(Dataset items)
-=-=-
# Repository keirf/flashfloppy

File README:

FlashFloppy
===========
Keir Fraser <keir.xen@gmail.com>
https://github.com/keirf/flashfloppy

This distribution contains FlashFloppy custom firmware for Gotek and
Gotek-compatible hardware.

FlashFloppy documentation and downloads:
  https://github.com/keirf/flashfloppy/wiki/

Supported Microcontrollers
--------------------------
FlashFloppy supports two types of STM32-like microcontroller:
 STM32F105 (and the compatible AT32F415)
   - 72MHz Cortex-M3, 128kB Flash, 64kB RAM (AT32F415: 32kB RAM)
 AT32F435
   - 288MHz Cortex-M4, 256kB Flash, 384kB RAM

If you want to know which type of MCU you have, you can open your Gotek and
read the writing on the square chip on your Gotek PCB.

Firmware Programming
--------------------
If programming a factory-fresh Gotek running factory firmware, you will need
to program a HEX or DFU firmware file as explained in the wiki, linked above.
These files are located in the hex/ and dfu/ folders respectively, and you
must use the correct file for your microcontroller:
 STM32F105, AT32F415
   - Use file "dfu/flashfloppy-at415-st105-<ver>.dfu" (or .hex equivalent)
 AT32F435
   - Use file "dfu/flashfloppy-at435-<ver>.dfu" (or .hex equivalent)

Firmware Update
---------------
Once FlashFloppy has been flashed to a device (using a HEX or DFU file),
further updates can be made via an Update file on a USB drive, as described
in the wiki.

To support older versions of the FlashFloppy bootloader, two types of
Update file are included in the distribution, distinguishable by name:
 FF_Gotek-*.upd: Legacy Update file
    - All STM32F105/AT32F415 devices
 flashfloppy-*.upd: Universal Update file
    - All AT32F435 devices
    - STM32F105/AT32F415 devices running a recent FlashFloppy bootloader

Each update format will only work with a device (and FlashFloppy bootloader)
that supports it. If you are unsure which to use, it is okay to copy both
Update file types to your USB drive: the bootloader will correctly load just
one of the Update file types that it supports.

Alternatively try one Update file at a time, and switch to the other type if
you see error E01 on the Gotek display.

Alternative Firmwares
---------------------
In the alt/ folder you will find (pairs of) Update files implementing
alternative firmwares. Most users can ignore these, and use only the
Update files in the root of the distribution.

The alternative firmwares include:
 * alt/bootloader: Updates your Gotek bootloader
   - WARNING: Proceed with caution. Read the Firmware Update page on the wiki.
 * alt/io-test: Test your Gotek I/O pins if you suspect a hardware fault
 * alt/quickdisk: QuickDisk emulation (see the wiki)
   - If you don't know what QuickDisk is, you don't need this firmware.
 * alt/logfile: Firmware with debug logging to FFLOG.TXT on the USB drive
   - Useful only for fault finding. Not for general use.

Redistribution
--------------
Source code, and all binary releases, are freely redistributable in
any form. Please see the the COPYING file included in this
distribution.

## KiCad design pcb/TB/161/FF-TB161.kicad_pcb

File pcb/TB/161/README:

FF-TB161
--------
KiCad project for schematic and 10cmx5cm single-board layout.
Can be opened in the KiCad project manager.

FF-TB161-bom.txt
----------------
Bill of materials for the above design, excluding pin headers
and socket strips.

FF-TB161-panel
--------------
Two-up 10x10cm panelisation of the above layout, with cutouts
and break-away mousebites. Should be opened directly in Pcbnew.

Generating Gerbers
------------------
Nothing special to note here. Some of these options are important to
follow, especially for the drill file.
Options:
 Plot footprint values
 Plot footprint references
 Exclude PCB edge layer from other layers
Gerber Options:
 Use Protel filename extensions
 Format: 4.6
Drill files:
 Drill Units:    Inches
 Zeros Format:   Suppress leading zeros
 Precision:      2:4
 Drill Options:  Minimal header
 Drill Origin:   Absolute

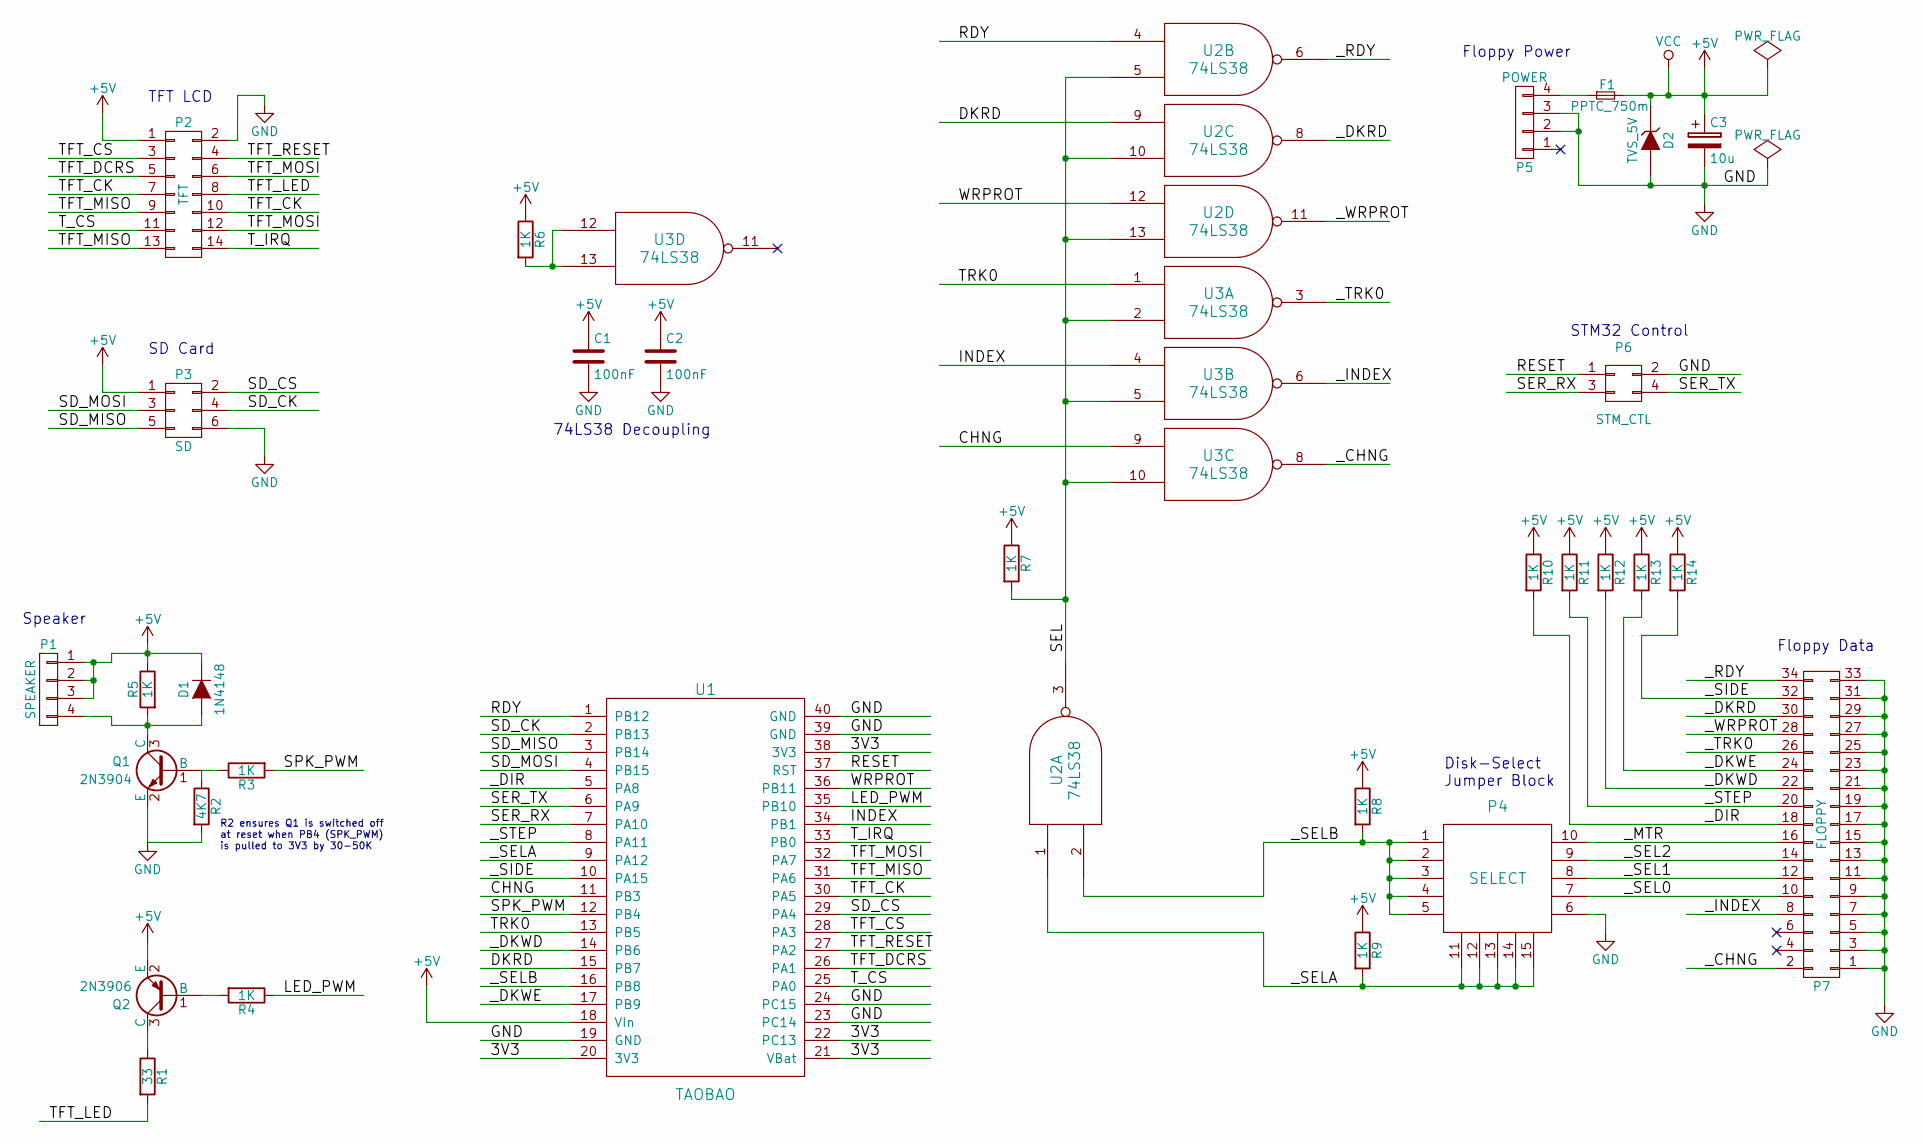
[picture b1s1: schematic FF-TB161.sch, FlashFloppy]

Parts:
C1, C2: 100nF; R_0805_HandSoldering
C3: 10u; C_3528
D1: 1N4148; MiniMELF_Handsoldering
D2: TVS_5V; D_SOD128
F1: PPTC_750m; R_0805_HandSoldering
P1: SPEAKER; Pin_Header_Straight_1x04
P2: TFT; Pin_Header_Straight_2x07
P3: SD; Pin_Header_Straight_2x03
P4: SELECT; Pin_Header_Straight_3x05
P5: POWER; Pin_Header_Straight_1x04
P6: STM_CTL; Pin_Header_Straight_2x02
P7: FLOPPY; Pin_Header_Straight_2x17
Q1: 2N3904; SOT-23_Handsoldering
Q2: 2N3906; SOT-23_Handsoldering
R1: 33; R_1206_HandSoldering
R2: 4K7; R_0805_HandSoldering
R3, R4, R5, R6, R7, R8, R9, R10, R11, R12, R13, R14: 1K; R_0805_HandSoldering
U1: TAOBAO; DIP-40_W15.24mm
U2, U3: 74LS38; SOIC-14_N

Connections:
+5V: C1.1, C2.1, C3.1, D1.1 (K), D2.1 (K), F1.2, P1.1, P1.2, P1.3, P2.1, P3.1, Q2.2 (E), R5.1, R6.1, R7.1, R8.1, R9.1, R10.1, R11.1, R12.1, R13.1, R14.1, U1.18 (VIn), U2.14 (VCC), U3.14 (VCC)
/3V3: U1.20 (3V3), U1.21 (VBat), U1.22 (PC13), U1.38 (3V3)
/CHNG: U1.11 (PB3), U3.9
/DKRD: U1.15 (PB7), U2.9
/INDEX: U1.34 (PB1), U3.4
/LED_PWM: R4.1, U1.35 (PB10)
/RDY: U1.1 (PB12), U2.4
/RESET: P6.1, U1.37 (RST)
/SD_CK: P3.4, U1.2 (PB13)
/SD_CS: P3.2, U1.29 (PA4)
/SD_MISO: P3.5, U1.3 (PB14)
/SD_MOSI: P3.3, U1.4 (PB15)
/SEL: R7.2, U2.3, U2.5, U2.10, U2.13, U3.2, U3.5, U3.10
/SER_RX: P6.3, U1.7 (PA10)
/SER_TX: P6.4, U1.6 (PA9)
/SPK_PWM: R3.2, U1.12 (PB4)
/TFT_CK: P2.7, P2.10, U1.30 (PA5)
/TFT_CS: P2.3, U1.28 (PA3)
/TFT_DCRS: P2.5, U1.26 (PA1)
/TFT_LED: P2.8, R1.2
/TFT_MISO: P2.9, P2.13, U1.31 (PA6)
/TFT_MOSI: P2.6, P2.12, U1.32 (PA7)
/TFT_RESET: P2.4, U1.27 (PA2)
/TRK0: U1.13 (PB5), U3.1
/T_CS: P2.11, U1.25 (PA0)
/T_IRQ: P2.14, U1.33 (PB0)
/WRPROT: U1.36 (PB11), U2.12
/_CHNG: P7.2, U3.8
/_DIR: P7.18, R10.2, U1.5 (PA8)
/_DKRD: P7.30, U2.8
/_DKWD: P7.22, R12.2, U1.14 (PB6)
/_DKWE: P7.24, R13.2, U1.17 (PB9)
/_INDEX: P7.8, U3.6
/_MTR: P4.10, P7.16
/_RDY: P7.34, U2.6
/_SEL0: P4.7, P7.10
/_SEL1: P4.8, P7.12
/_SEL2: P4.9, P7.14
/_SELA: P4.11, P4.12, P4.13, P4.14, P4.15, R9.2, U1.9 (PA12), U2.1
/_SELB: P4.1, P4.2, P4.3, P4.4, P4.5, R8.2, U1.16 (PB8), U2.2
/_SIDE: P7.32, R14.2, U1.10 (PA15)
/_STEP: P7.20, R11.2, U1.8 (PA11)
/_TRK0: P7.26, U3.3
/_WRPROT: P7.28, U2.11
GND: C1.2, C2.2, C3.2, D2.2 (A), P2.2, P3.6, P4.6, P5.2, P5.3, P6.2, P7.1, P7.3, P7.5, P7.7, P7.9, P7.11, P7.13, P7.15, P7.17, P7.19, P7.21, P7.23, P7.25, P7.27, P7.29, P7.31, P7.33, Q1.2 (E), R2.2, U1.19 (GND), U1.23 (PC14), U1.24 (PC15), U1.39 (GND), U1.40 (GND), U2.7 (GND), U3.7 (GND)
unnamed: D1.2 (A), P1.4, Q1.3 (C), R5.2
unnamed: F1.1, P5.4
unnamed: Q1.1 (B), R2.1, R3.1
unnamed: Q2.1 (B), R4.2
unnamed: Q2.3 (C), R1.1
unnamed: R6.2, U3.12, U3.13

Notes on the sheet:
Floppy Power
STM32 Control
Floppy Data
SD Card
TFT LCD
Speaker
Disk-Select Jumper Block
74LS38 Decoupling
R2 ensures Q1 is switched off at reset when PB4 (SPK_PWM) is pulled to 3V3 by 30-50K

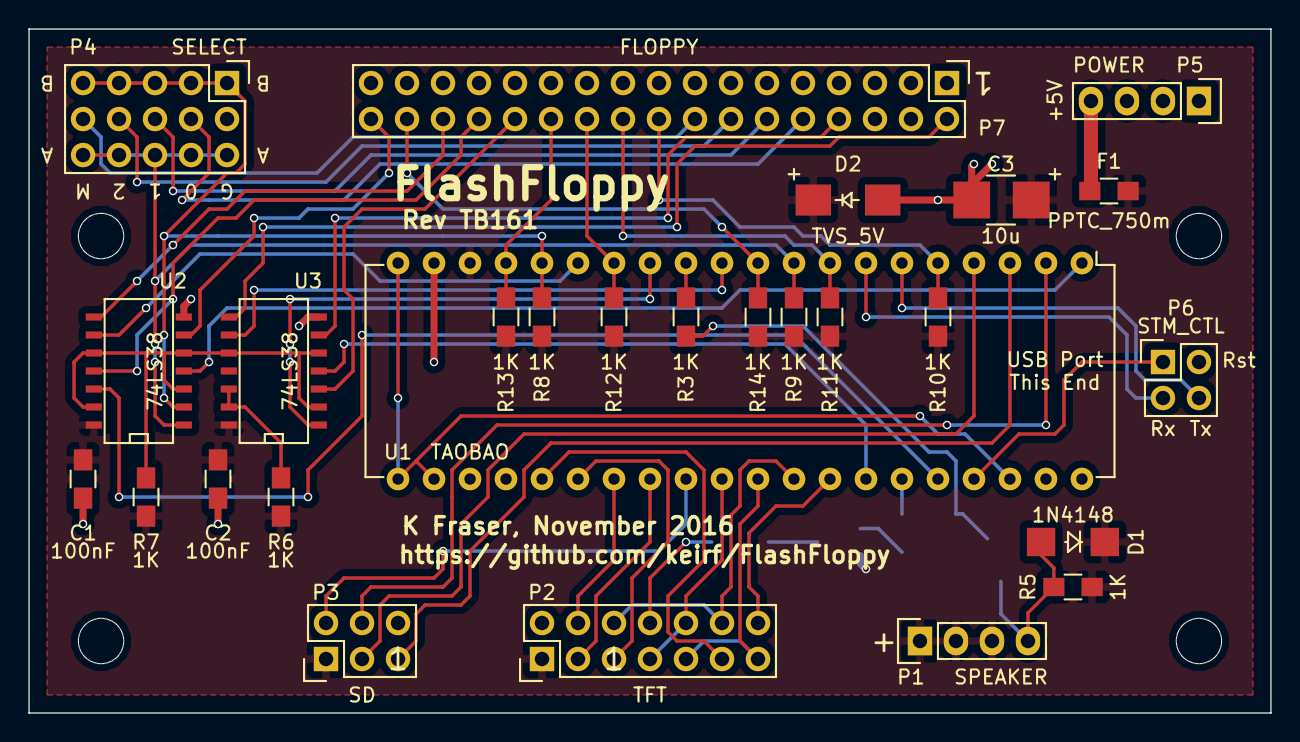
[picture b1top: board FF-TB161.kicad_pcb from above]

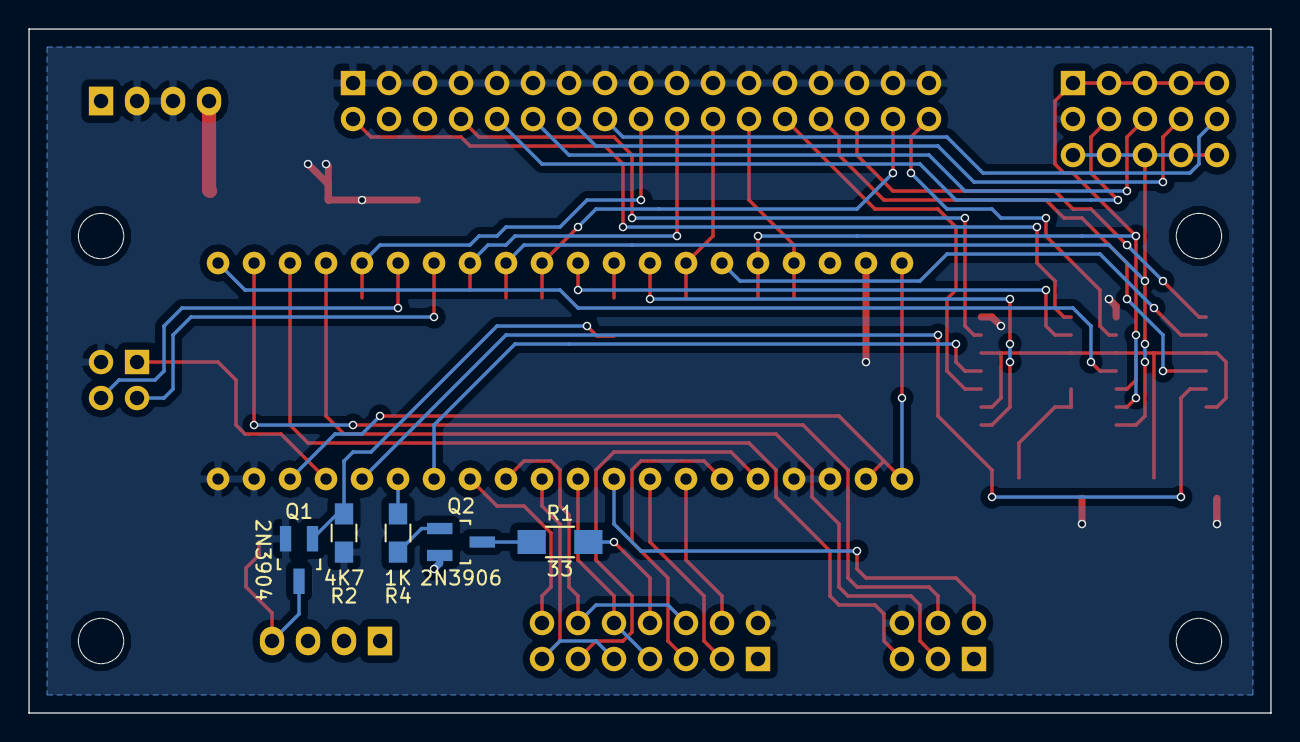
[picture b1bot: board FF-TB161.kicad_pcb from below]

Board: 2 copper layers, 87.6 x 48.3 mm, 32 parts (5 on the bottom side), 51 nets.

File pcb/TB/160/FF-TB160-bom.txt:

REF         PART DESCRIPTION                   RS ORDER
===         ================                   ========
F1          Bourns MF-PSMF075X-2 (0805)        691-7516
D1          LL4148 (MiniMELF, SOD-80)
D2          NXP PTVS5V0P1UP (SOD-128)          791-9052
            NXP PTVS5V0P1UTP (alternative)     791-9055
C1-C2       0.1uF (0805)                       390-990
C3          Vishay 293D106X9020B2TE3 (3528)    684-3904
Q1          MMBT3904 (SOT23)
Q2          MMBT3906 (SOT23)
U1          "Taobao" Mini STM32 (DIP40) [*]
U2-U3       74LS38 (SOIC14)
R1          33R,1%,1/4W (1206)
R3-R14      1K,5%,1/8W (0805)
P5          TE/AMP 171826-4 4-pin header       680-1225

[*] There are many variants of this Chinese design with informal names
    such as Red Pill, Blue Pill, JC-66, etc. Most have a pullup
-=-=-
- [EXERCISE DIRECTIONS]: Transcribe only the lines from the beginning of the entries to the line with "FlashFloppy documentation and", inclusive, exactly as written.

- [ANSWER TO THE EXERCISE]:
# Repository keirf/flashfloppy

File README:

FlashFloppy
===========
Keir Fraser <keir.xen@gmail.com>
https://github.com/keirf/flashfloppy

This distribution contains FlashFloppy custom firmware for Gotek and
Gotek-compatible hardware.

FlashFloppy documentation and downloads:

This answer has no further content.